3\. Your response is valid when a meta-bot is tracking bot usage and user
feedback on bots. That's what I would call a warm ranking. However cold
ranking is when a meta-bot is just starting up and has no usage data about the
bots.

4\. Even working as a pipe the meta-bot would need to figure out how to pipe
the query to a bot especially consider this scenario: The user has asked "Book
me 2 tickets and a hotel in San Diego for May 15th". The meta-bot has
determined this is a travel query and found that Bot A is highest ranked for
travel queries.
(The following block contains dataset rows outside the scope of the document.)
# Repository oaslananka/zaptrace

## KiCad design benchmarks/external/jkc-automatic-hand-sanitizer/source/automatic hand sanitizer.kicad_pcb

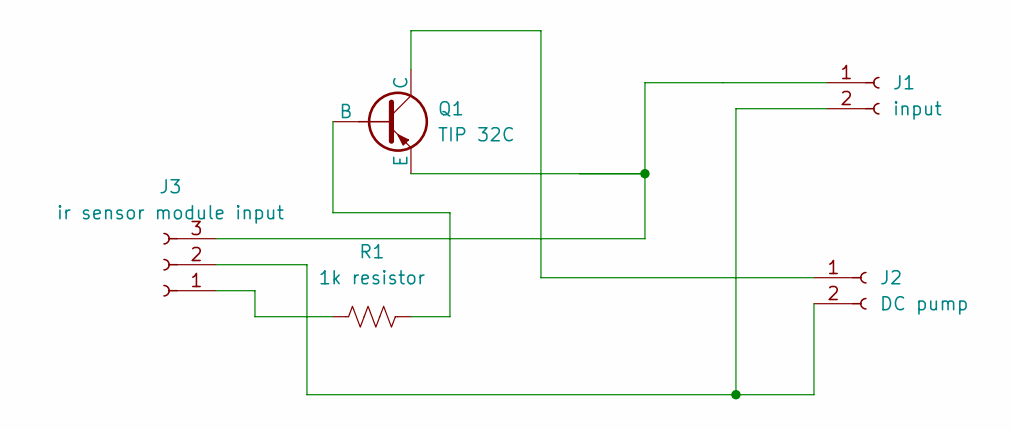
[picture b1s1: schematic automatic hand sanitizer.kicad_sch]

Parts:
J1: input; TerminalBlock_Phoenix_MKDS-1,5-2_1x02_P5.00mm_Horizontal
J2: DC pump; TerminalBlock_Phoenix_MKDS-1,5-2_1x02_P5.00mm_Horizontal
J3: ir sensor module input; TerminalBlock_Phoenix_MKDS-1,5-3-5.08_1x03_P5.08mm_Horizont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
Q1: TIP 32C; TO-220-3_Vertical
R1: 1k resistor; R_Axial_DIN0207_L6.3mm_D2.5mm_P7.62mm_Horizontal

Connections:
unnamed: J1.1, J3.3, Q1.3 (E)
unnamed: J1.2, J2.2, J3.2
unnamed: J2.1, Q1.1 (C)
unnamed: J3.1, R1.1
unnamed: Q1.2 (B), R1.2

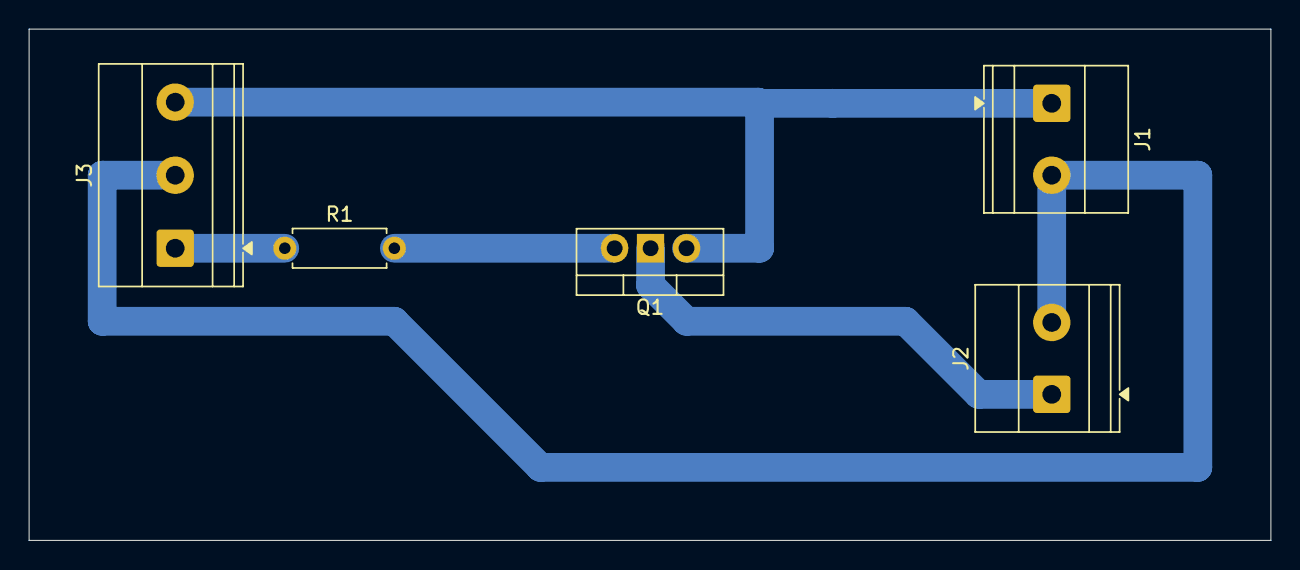
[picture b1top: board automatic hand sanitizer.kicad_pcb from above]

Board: 2 copper layers, 86.4 x 35.6 mm, 5 parts (0 on the bottom side), 5 nets.

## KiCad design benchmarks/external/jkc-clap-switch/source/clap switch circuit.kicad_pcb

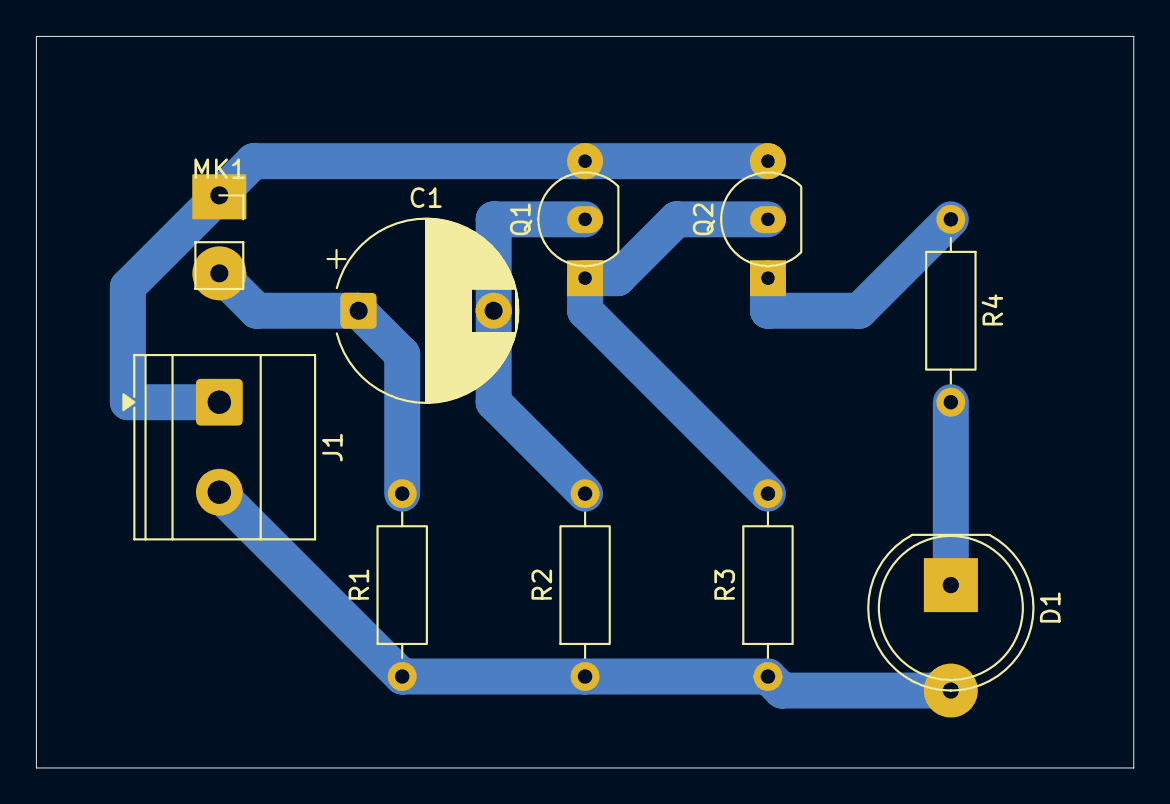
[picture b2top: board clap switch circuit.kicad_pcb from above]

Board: 2 copper layers, 61.0 x 40.6 mm, 10 parts (0 on the bottom side), 7 nets.

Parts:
C1: 47uf; CP_Radial_D10.0mm_P7.50mm
D1: LED; LED_D8.0mm
J1: input; TerminalBlock_Phoenix_MKDS-1,5-2_1x02_P5.00mm_Horizontal
MK1: Microphone_Condenser; PinSocket_1x02_P2.54mm_Vertical
Q1, Q2: BC547; TO-92_Inline
R1: 10k; R_Axial_DIN0207_L6.3mm_D2.5mm_P10.16mm_Horizontal
R2: 1m; R_Axial_DIN0207_L6.3mm_D2.5mm_P10.16mm_Horizontal
R3: 120k; R_Axial_DIN0207_L6.3mm_D2.5mm_P10.16mm_Horizontal
R4: 220; R_Axial_DIN0207_L6.3mm_D2.5mm_P10.16mm_Horizontal

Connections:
unnamed: D1.2 (A), J1.2, R1.1, R2.1, R3.1
unnamed: D1.1 (K), R4.2
unnamed: J1.1, MK1.1 (-), Q1.3 (E), Q2.3 (E)
unnamed: C1.1, MK1.2 (+), R1.2
unnamed: C1.2, Q1.2 (B), R2.2
unnamed: Q1.1 (C), Q2.2 (B), R3.2
unnamed: Q2.1 (C), R4.1

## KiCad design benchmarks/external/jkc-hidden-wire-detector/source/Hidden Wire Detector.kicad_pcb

It pipes the query to Bot A. However Bot A does not understand
how to process this query because it excels at processing queries like "Book
me 2 economy tickets and a 3 to 4 star hotel for 3 nights in San Diego" and it
received high satisfaction ratings when it was queried like that. However in
this vague query scenario Bot B does a much better job but the meta-bot won't
know about it.

This is fascinating. I have an Amazon Echo and ever since I got it when it was
not widely available I've been fascinated with the potential of it and Amazon
went in the direction that I predicted it would with that. However Amazon Echo
still uses APIs to interact with services and provides a nice NLP interface to
it. This is a friction point for getting new things in the Echo and I have
been wondering how to remove this friction.